But within the limits of the United States alone, there are now forty-five
millions of men where then there were only a few hundred thousand, and yet
there is now within that territory much more food per capita for the forty-five
millions than there was then for the few hundred thousand. It is not the
increase of food that has caused this increase of men; but the increase of
men that has brought about the increase of food. There is more food, simply
because there are more Man. — Progress & Poverty — Book II,
Chapter 3: Population and Subsistence: Inferences from Analogy
TWENTY men working together will, where nature is niggardly, produce more
than twenty times the wealth that one man can produce where nature is most
bountiful. The denser the population the more minute becomes the subdivision
of labor, the greater the economies of production and distribution, and,
hence, the very reverse of the Malthusian doctrine is true; and, within the
limits in which we have any reason to suppose increase would still go on,
in any given state of civilization a greater number of people can produce
a larger proportionate amount of wealth and more fully supply their wants,
than can a smaller number. — Progress & Poverty — Book II,
Chapter 4: Population and Subsistence: Disproof of the Malthusian Theory
CAPITAL, which is not in itself a distinguishable element, but which it
must always be kept in mind consists of wealth applied to the aid of labor
in further production, is not a primary factor. There can be production without
it, and there must have been production without it, or it could not in the
first place have appeared. It is a secondary and compound factor, coming
after and resulting from the union of labor and land in the production of
wealth. It is in essence labor raised by a second union with land to a third
or higher power. But it is to civilized life so necessary and important as
to be rightfully accorded in political economy the place of a third factor
in production. — The Science of Political Economy unabridged: Book
III, Chapter 17, The Production of Wealth: The Third Factor of Production — Capital • abridged:
Part III, Chapter 10: Order of the Three Factors of Production
IT is to be observed that capital of itself can do nothing. It is always
a subsidiary, never an initiatory, factor. The initiatory factor is always
labor. That is to say, in the production of wealth labor always uses capital,
is never used by capital. This is not merely literally true, when by the
term capital we mean the thing capital. It is also true when we personify
the term and mean by it not the thing capital, but the men who are possessed
of capital. The capitalist pure and simple, the man who merely controls capital,
has in his hands the power of assisting labor to produce. But purely as capitalist
he cannot exercise that power. It can be exercised only by labor. To utilize
it he must himself exercise at least some of the functions of labor, or he
must put his capital, on some terms, at the use of those who do. — The
Science of Political Economy unabridged: Book III, Chapter 17, The Production
of Wealth: The Third Factor of Production — Capital • abridged:
Part III, Chapter 10: Order of the Three Factors of Production
THUS we must exclude from the category of capital everything that may be
included either as land or labor. Doing so, there remain only things which
are neither land nor labor, but which have resulted from the union of these
two original factors of production. Nothing can be properly capital that
does not consist of these — that is to say, nothing can be capital
that is not wealth. — Progress & Poverty — Book I, Chapter
2: Wages and Capital: The Meaning of the Terms
THUS, a government bond is not capital, nor yet is it the representative
of capital. The capital that was once received for it by the government has
been consumed unproductively — blown away from the mouths of cannon,
used up in war ships, expended in keeping men marching and drilling, killing
and destroying. The bond cannot represent capital that has been destroyed.

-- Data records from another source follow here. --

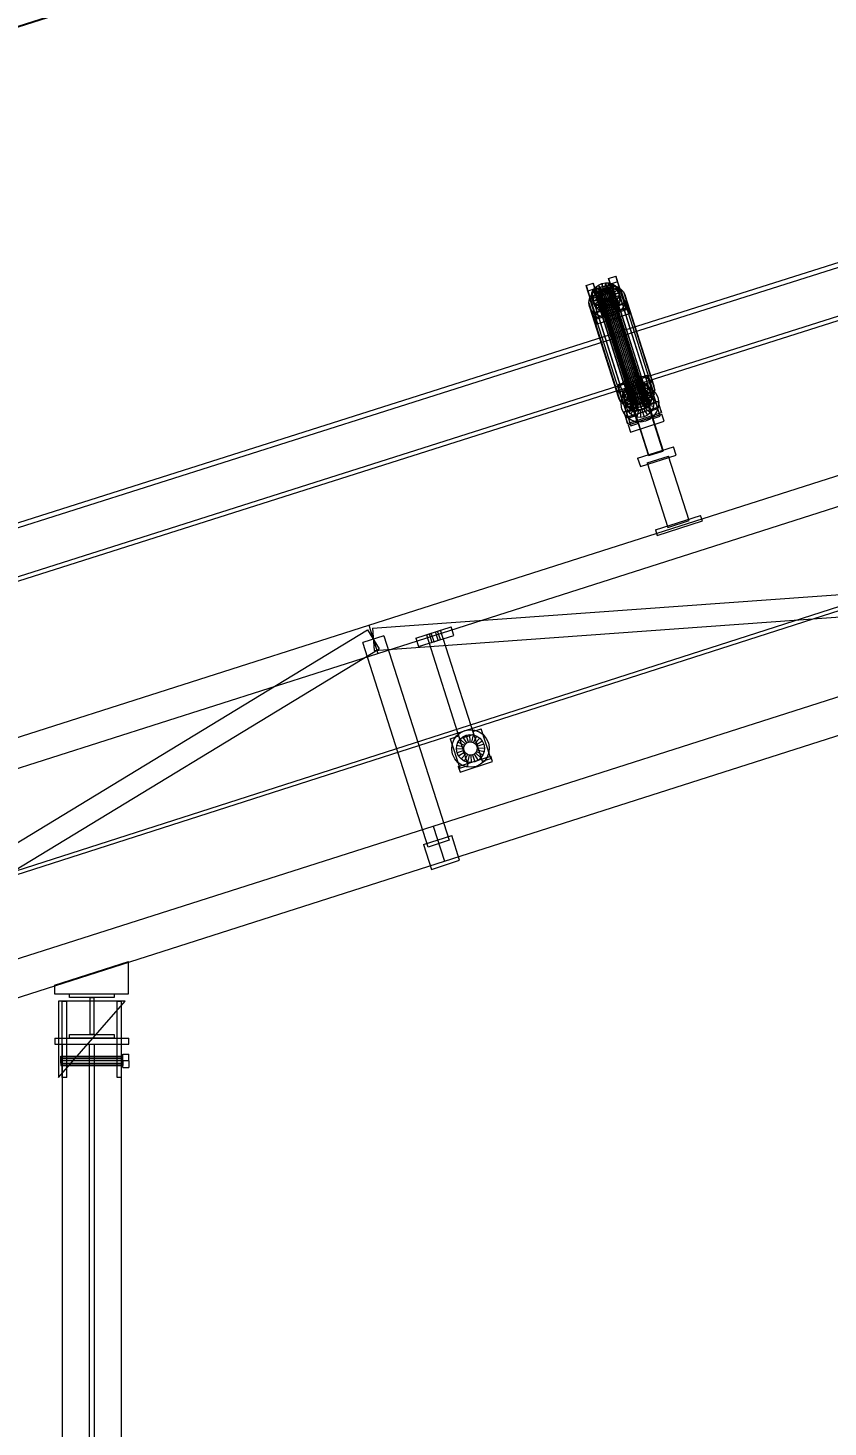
# Model space of a CAD drawing. Header units: millimetres. Extents: x -1970 to 34302, y -65268 to 6837.
# Drawn here: x 7585 to 8666, y 1450 to 3341 of the extents above; entities that cross this region are included whole.
import ezdxf

# ---------------------------------------------------------------- set-up
doc = ezdxf.new("R2010")
doc.units = ezdxf.units.MM
doc.layers.add('COTAS_P', color=1, linetype='Continuous', lineweight=0)
doc.layers.add('lateral_C01', color=7, linetype='Continuous', lineweight=0)
doc.dimstyles.new('R19_100', dxfattribs={"dimtxt": 250, "dimasz": 150, "dimexe": 150, "dimexo": 80, "dimgap": 100, "dimtad": 1, "dimtih": 1, "dimtoh": 1, "dimdsep": 46, "dimcen": 0.09, "dimadec": 0, "dimazin": 0, "dimtfac": 1, "dimtdec": 4, "dimtofl": 0, "dimtmove": 0, "dimatfit": 3, "dimfxl": 1, "dimtolj": 1, "dimtzin": 0, "dimarcsym": 0})

# ---------------------------------------------------------------- blocks, each defined once
blk = doc.blocks.new('*D0')
at = {"layer": 'COTAS_P', "color": 0, "lineweight": -2, "transparency": 16777216}
for p, q in [((10965.3, 3566.3), (10670, 4490.2)), ((1814.1, 1503), (10572.8, 4301.7)), ((1920.8, 676.2), (1625.5, 1600.2))]:
    blk.add_line(p, q, dxfattribs=at)
at = {"layer": 'COTAS_P', "color": 0, "transparency": 16777216}
for points in [[(10565.2, 4325.5), (10580.4, 4277.9), (10715.7, 4347.4)], [(1806.5, 1526.8), (1821.7, 1479.1), (1671.2, 1457.3)]]:
    blk.add_solid(points, dxfattribs=at)
at = {"layer": 'Defpoints', "color": 0, "transparency": 16777216}
for p in [(10715.7, 4347.4), (10989.6, 3490.1), (1945.1, 600)]:
    blk.add_point(p, dxfattribs=at)

msp = doc.modelspace()

# ---------------------------------------------------------------- linework, layer by layer
at = {"layer": 'lateral_C01'}
for p, q in [((2005.168, 413.212), (11044.69, 3318.69)), ((2006.698, 408.451), (11046.22, 3313.93)), ((8953.606, 3110.679), (8381.764, 2929.028)), ((8383.58, 2923.309), (8955.423, 3104.96)), ((8402.602, 2863.429), (8974.445, 3045.08)), ((8976.261, 3039.361), (8404.418, 2857.71)), ((8339.468, 2992.655), (8348.993, 2995.698)), ((8341.899, 2985.001), (8339.468, 2992.655)), ((8339.468, 2992.655), (8351.467, 2955.211)), ((8351.424, 2988.045), (8341.899, 2985.001)), ((8348.993, 2995.698), (8351.424, 2988.045)), ((8360.993, 2958.255), (8348.993, 2995.698)), ((8349.239, 2986.949), (8352.232, 2990.502)), ((8350.577, 2985.105), (8355.778, 2988.949)), ((8351.424, 2988.045), (8363.424, 2950.602)), ((8352.232, 2990.502), (8356.123, 2993.378)), ((8359.16, 2985.269), (8352.232, 2990.502)), ((8352.232, 2990.502), (8354.316, 2983.942)), ((8355.778, 2988.949), (8361.824, 2991.626)), ((8355.778, 2988.949), (8394.849, 2865.951)), ((8356.123, 2993.378), (8360.645, 2995.38)), ((8361.003, 2986.631), (8356.123, 2993.378)), ((8356.123, 2993.378), (8358.206, 2986.818)), ((8362.729, 2988.82), (8358.206, 2986.818)), ((8358.812, 2986.362), (8360.655, 2987.724)), ((8360.645, 2995.38), (8365.491, 2996.371)), ((8363.145, 2987.579), (8360.645, 2995.38)), ((8360.645, 2995.38), (8362.729, 2988.82)), ((8360.655, 2987.724), (8362.798, 2988.672)), ((8360.655, 2987.724), (8405.978, 2845.046)), ((8363.145, 2987.579), (8361.003, 2986.631)), ((8361.824, 2991.626), (8368.302, 2992.951)), ((8361.824, 2991.626), (8400.895, 2868.627)), ((8367.575, 2989.811), (8362.729, 2988.82)), ((8362.729, 2988.82), (8365.229, 2981.019)), ((8362.798, 2988.672), (8365.093, 2989.142)), ((8362.798, 2988.672), (8408.12, 2845.994)), ((8365.44, 2988.049), (8363.145, 2987.579)), ((8365.229, 2981.019), (8363.145, 2987.579)), ((8365.093, 2989.142), (8367.385, 2989.101)), ((8365.093, 2989.142), (8410.416, 2846.464)), ((8365.44, 2988.049), (8365.491, 2996.371)), ((8367.733, 2988.008), (8365.44, 2988.049)), ((8367.524, 2981.489), (8365.44, 2988.049)), ((8365.491, 2996.371), (8370.331, 2996.285)), ((8365.491, 2996.371), (8367.575, 2989.811)), ((8367.385, 2989.101), (8369.518, 2988.553)), ((8367.385, 2989.101), (8412.708, 2846.423)), ((8367.575, 2989.811), (8367.524, 2981.489)), ((8372.414, 2989.726), (8367.575, 2989.811)), ((8367.733, 2988.008), (8370.331, 2996.285)), ((8369.866, 2987.46), (8367.733, 2988.008)), ((8369.817, 2981.448), (8367.733, 2988.008)), ((8368.302, 2992.951), (8374.772, 2992.837)), ((8368.302, 2992.951), (8407.373, 2869.953)), ((8369.518, 2988.553), (8371.347, 2987.534)), ((8369.518, 2988.553), (8414.841, 2845.875)), ((8372.414, 2989.726), (8369.817, 2981.448)), ((8369.866, 2987.46), (8374.834, 2995.128)), ((8371.694, 2986.441), (8369.866, 2987.46)), ((8371.95, 2980.9), (8369.866, 2987.46)), ((8369.949, 3002.395), (8379.475, 3005.438)), ((8372.381, 2994.741), (8369.949, 3002.395)), ((8369.949, 3002.395), (8381.949, 2964.951)), ((8370.331, 2996.285), (8374.834, 2995.128)), ((8370.331, 2996.285), (8372.414, 2989.726)), ((8371.347, 2987.534), (8372.746, 2986.115)), ((8371.347, 2987.534), (8416.67, 2844.856)), ((8371.694, 2986.441), (8378.694, 2992.977)), ((8376.917, 2988.568), (8371.95, 2980.9)), ((8381.906, 2997.785), (8372.381, 2994.741)), ((8384.38, 2957.298), (8372.381, 2994.741)), ((8376.917, 2988.568), (8372.414, 2989.726)), ((8373.093, 2985.021), (8381.647, 2989.98)), ((8374.772, 2992.837), (8380.792, 2991.289)), ((8374.772, 2992.837), (8413.843, 2869.838)), ((8374.834, 2995.128), (8378.694, 2992.977)), ((8374.834, 2995.128), (8376.917, 2988.568)), ((8380.777, 2986.417), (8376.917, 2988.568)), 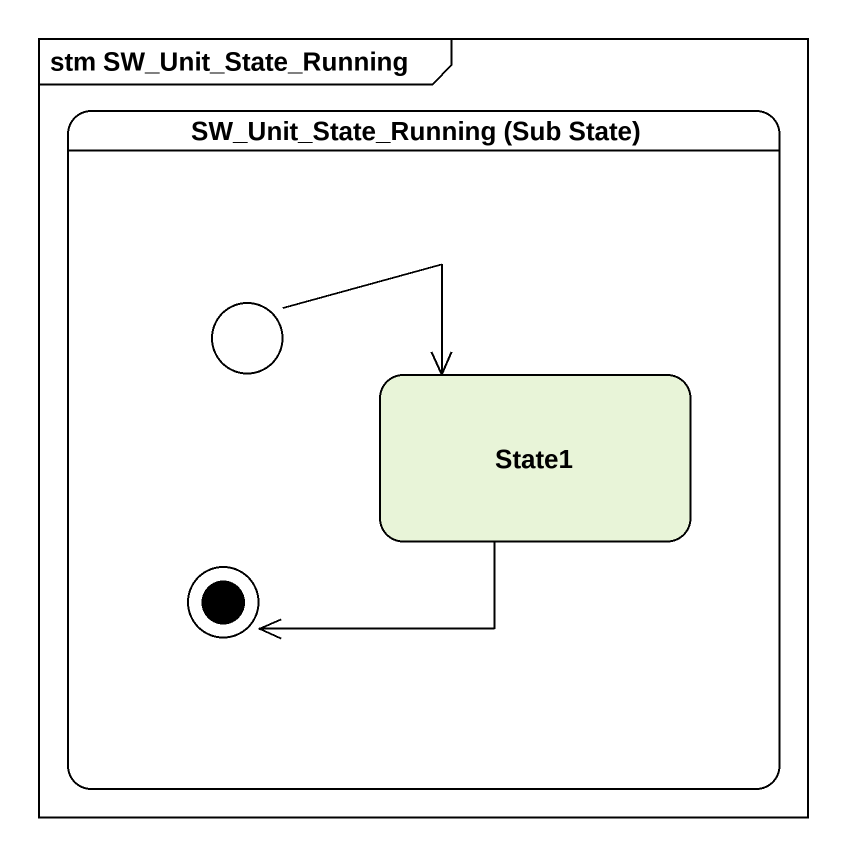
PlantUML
@startuml
mainframe stm SW_Unit_State_Running
hide empty description
state "SW_Unit_State_Running (Sub State)" as SW_Unit_State_Running_Sub {
  state entry1 <<entryPoint>>
  state State1
  State1 -left-> [*]
}
entry1 -right-> State1
@enduml

It does not represent capital at all. It is simply a solemn declaration that
the government will, some time or other, take by taxation from the then existing
stock of the people, so much wealth, which it will turn over to the holder
of the bond; and that, in the meanwhile, it will, from time to time, take,
in the same way, enough to make up to the holder the increase which so much
capital as it some day promises to give him would yield him were it actually
in his possession. The immense sums which are thus taken from the produce
of every modern country to pay interest on public debts are not the earnings
or increase of capital — are not really interest in the strict sense
of the term, but are taxes levied on the produce of labor and capital, leaving
so much less for wages and so much less for real interest. — Progress & Poverty — Book
III, Chapter 4: The Laws of Distribution: Of Spurious Capital and of Profits
Often Mistaken For Interest
CAPITAL, as we have seen, consists of wealth used for the procurement of
more wealth, as distinguished from wealth used for the direct satisfaction
of desire; or, as I think it may be defined, of wealth in the course of exchange.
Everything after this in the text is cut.